The `FugueWorkflow` is responsible for constructing a Directed Acyclic Graph, also called a DAG. A lot of people associate the DAG concept with workflow orchestration tools like Airflow, Prefect, or Dagster. While these tools also use DAGs, they use it in a different way than the distributed computing frameworks (Spark and Dask). For orchestration frameworks, the DAG is used to manage dependencies of scheduled tasks. For computing frameworks, the DAG represents a computation graph that is built, validated, and then executed. DAGs are used because distributed computing operations are very expensive and have a lot of room to be optimized. Also, mistakes in a distributed setting are very expensive.

Fugue follows these distributed computing frameworks in using the DAG for validation before execution. DAGs can catch errors significantly earlier, in a way similar to compiling the computing job. For Fugue specifically, the built DAG validates schema, as well as provides the basis for further optimizations. For example, Fugue can detect which DataFrames are re-used in the computation graph and then persist them automatically to avoid recomputation. The DAG is a graph where the nodes are DataFrames connected by Fugue extensions. We already introduced the most common extension, which is the `transformer`. Schema is tracked throughout the DAG. More extensions will be introduced later.

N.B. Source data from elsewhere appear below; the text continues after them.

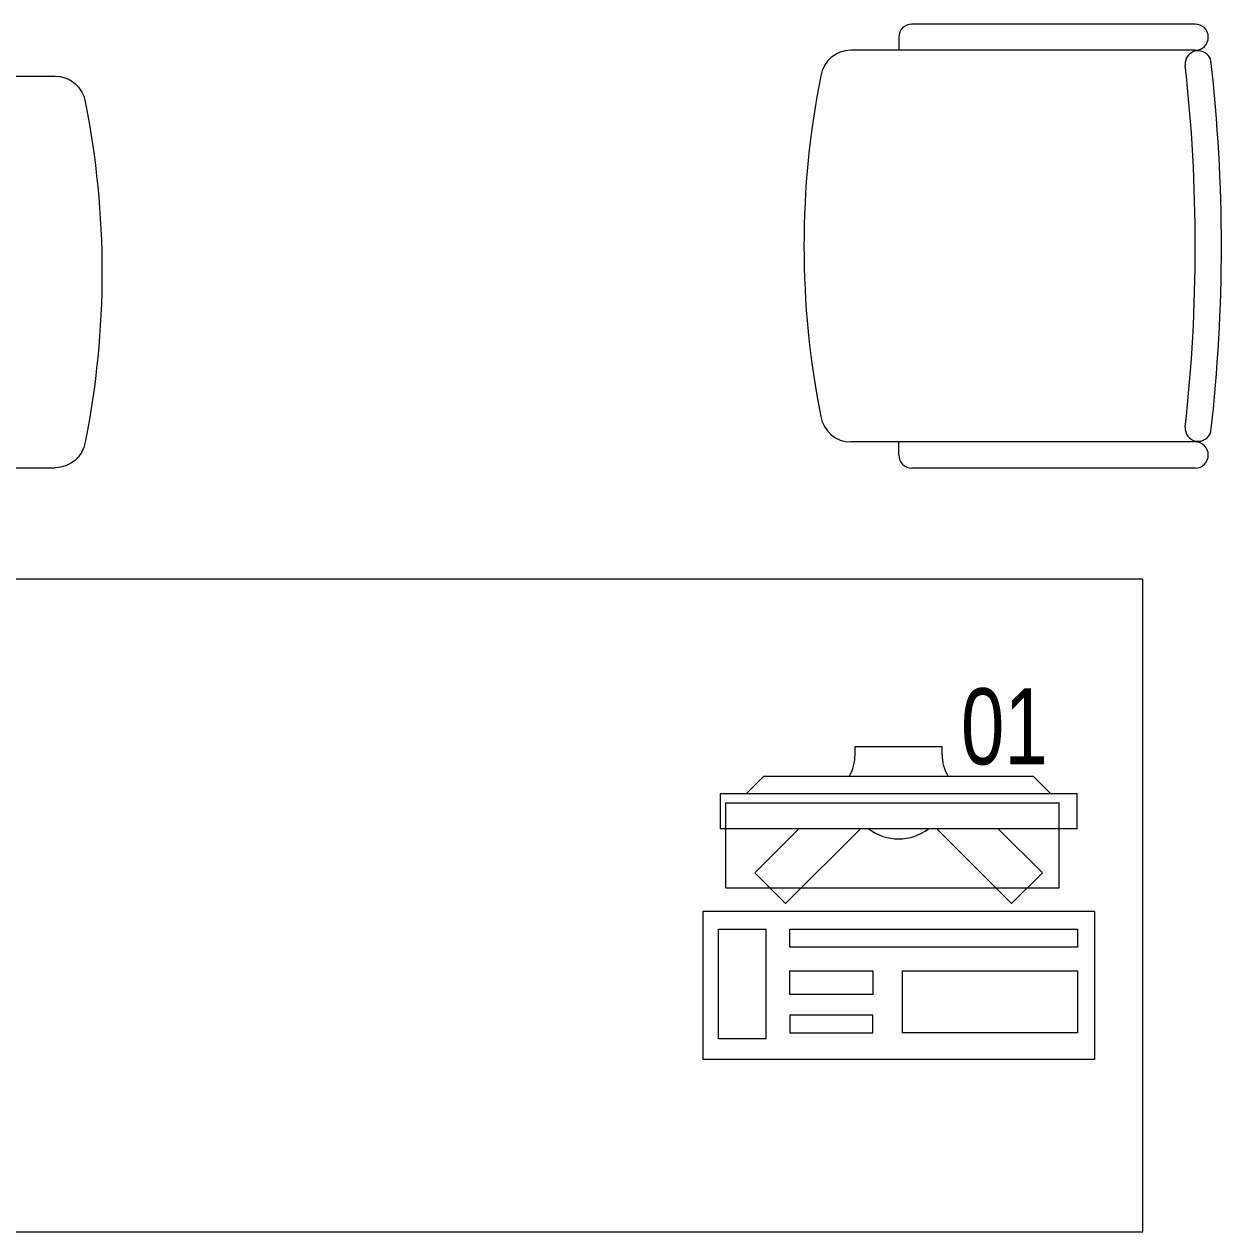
# Model space of a CAD drawing. Header units: inches. Extents: x -12418 to 57169, y -29325 to 19878.
# Drawn here: x 20585 to 21964, y -12817 to -11430 of the extents above; entities that cross this region are included whole.
import ezdxf

# ---------------------------------------------------------------- set-up
doc = ezdxf.new("R2010")
doc.units = ezdxf.units.IN
doc.header["$LTSCALE"] = 25
doc.header["$MEASUREMENT"] = 0
doc.linetypes.add('DASHDOT', pattern=[25.4, 12.7, -6.35, 0, -6.35])
for name, color, linetype, lineweight in [('00-Ground Floor$0$72_EGR_EQP_TAG', 142, 'Continuous', 5), ('00-Ground Floor$0$LOADING', 253, 'Continuous', 5), ('E-LITE-CLNG-CNDT', 6, 'DASHDOT', 35)]:
    doc.layers.add(name, color=color, linetype=linetype, lineweight=lineweight)
doc.styles.add('00-Ground Floor$0$X3G_ENTITY_257CFD', font='swisscl.ttf', dxfattribs={"height": 200})

# ---------------------------------------------------------------- blocks, each defined once
blk = doc.blocks.new('00-Ground Floor$0$GF21016-P')
at = {"layer": '00-Ground Floor$0$LOADING', "extrusion": (-1.24384e-09, -1.20261e-09, -1)}
for p, q in [((0.0128, 0.0179), (0.0128, 0.4136)), ((0.4628, 0.0179), (0.4628, 0.4136)), ((-0.0022, 0.3585), (0.0128, 0.3585)), ((0.4778, 0.3585), (0.4628, 0.3585)), ((-0.0172, 0.0179), (-0.0172, 0.3435)), ((0.4928, 0.0179), (0.4928, 0.3435)), ((0.4778, 0.0029), (0.4778, 0.0029))]:
    blk.add_line(p, q, dxfattribs=at)
for centre, radius, start, end in [((-0.2378, -0.5362), 1.0036, 78.7568, 101.2432), ((-0.0478, 0.4136), 0.035, 0, 80.6557), ((-0.4278, 0.4136), 0.035, 99.3443, 180), ((0.0022, 0.3435), 0.015, 0, 90), ((-0.4778, 0.3435), 0.015, 90, 180), ((-0.0284, 0.0145), 0.015, 284.3864, 95.5209), ((-0.2378, 1.8928), 1.8749, 263.6341, 276.3659), ((-0.4471, 0.0145), 0.015, 84.4791, 255.6136), ((0.0022, 0.0179), 0.015, 270, 0), ((0.0022, 0.0179), 0.015, 180, 270), ((-0.4778, 0.0179), 0.015, 270, 0), ((-0.4778, 0.0179), 0.015, 180, 270), ((-0.2378, 1.8734), 1.8855, 263.5119, 276.4881)]:
    blk.add_arc(centre, radius, start, end, dxfattribs=at)
blk = doc.blocks.new('00-Ground Floor$0$ITCWLS1-P')
at = {"layer": '00-Ground Floor$0$LOADING'}
for p, q in [((-0.17, 0.45), (-0.17, 0)), ((-0.17, 0.45), (0, 0.45)), ((0, 0.45), (0, 0)), ((-0.1496, 0.4305), (-0.1291, 0.4305)), ((-0.1291, 0.4305), (-0.1291, 0.4089)), ((-0.2651, 0.43, 0), (-0.3051, 0.43, 0)), ((-0.3051, 0.43, 0), (-0.3051, 0.02, 0)), ((-0.2651, 0.43, 0), (-0.2651, 0.02, 0)), ((-0.197, 0.4094), (-0.295, 0.4094)), ((-0.295, 0.0264), (-0.295, 0.4094)), ((-0.197, 0.0264), (-0.197, 0.4094)), ((-0.3251, 0.38, 0), (-0.3051, 0.4, 0)), ((-0.3251, 0.38, 0), (-0.3251, 0.07, 0)), ((-0.3503, 0.275), (-0.3596, 0.275)), ((-0.3596, 0.175), (-0.3596, 0.275)), ((-0.3503, 0.175), (-0.3596, 0.175)), ((-0.3251, 0.07, 0), (-0.3051, 0.05, 0)), ((-0.3051, 0.02, 0), (-0.2651, 0.02, 0)), ((-0.197, 0.0264), (-0.295, 0.0264)), ((-0.17, 0), (0, 0))]:
    blk.add_line(p, q, dxfattribs=at)
at = {"layer": '00-Ground Floor$0$LOADING', "extrusion": (2.48281e-10, 3.18408e-10, -1)}
for p, q in [((-0.2651, 0.3395), (-0.2144, 0.3902)), ((-0.1791, 0.3548), (-0.2144, 0.3902)), ((-0.2651, 0.2688), (-0.1791, 0.3548))]:
    blk.add_line(p, q, dxfattribs=at)
at = {"layer": '00-Ground Floor$0$LOADING', "extrusion": (2.48281e-10, -3.18408e-10, -1)}
for p, q in [((-0.2651, 0.1812), (-0.1791, 0.0952)), ((-0.2651, 0.1105), (-0.2144, 0.0598)), ((-0.1791, 0.0952), (-0.2144, 0.0598))]:
    blk.add_line(p, q, dxfattribs=at)
at = {"layer": '00-Ground Floor$0$LOADING'}
for points in [[(-0.1291, 0.4089), (-0.1291, 0.1), (-0.1496, 0.1), (-0.1496, 0.4305)], [(-0.1496, 0.1), (-0.1496, 0.1), (-0.1496, 0.1), (-0.1496, 0.1), (-0.1496, 0.1), (-0.1496, 0.1), (-0.1496, 0.1), (-0.1496, 0.1), (-0.1496, 0.1)], [(-0.1496, 0.1), (-0.1496, 0.1), (-0.1496, 0.1), (-0.1496, 0.1), (-0.1496, 0.1), (-0.1496, 0.1), (-0.1496, 0.1), (-0.1496, 0.1), (-0.1496, 0.1), (-0.1496, 0.1), (-0.1496, 0.1), (-0.1496, 0.1), (-0.1496, 0.1), (-0.1496, 0.1), (-0.1496, 0.1), (-0.1496, 0.1), (-0.1496, 0.1), (-0.1496, 0.1)], [(-0.1496, 0.1), (-0.1496, 0.1), (-0.1496, 0.1), (-0.1496, 0.1), (-0.1496, 0.1), (-0.1496, 0.1), (-0.1496, 0.1), (-0.1496, 0.1), (-0.1496, 0.1), (-0.1496, 0.1)], [(-0.1496, 0.1), (-0.1496, 0.1), (-0.1496, 0.1), (-0.1496, 0.1), (-0.1496, 0.1), (-0.1496, 0.1), (-0.1496, 0.1)], [(-0.1496, 0.1), (-0.1496, 0.1), (-0.1496, 0.1), (-0.1496, 0.1), (-0.1496, 0.1), (-0.1496, 0.1), (-0.1496, 0.1), (-0.1496, 0.1), (-0.1496, 0.1), (-0.1496, 0.1)], [(-0.1496, 0.1), (-0.1496, 0.1), (-0.1496, 0.1), (-0.1496, 0.1), (-0.1496, 0.1), (-0.1496, 0.1), (-0.1496, 0.1), (-0.1496, 0.1), (-0.1496, 0.1), (-0.1496, 0.1), (-0.1496, 0.1), (-0.1496, 0.1), (-0.1496, 0.1), (-0.1496, 0.1), (-0.1496, 0.1)], [(-0.1496, 0.1), (-0.1496, 0.1), (-0.1496, 0.1), (-0.1496, 0.1), (-0.1496, 0.1), (-0.1496, 0.1), (-0.1496, 0.1), (-0.1496, 0.1), (-0.1496, 0.1), (-0.1496, 0.1)], [(-0.1496, 0.1), (-0.1496, 0.1), (-0.1496, 0.1), (-0.1496, 0.1), (-0.1496, 0.1), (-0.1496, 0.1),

## Loading and Saving Data

Load and save operations are done inside the `FugueWorkflow` and use the appropriate saver/loader for the file extension (.csv, .json, .parquet, .avro) and ExecutionEngine (Pandas, Spark, or Dask). For distributed computing, parquet and avro tend to be the most used due to compression. 

In [6]:
with FugueWorkflow() as dag:
    df = dag.df(data2)
    df.save('/tmp/data.parquet', mode="overwrite", single=True)
    df.save("/tmp/data.csv", mode="overwrite", header=True)
    df2 = dag.load('/tmp/data.parquet')
    df3 = dag.load("/tmp/data.csv", header=True, columns="col1:int,col2:int")
    df3.show()

PandasDataFrame
col1:int|col2:int
--------+--------
1       |2       
2       |3       
3       |4       
Total count: 3



## Summary

In this section we covered the DAG concept, which can be use to define full end-to-end framework-agnostic workloads. We also covered how to define schema and pass in parameters. Combined with loading and saving of files, users can already start using Fugue for working with data.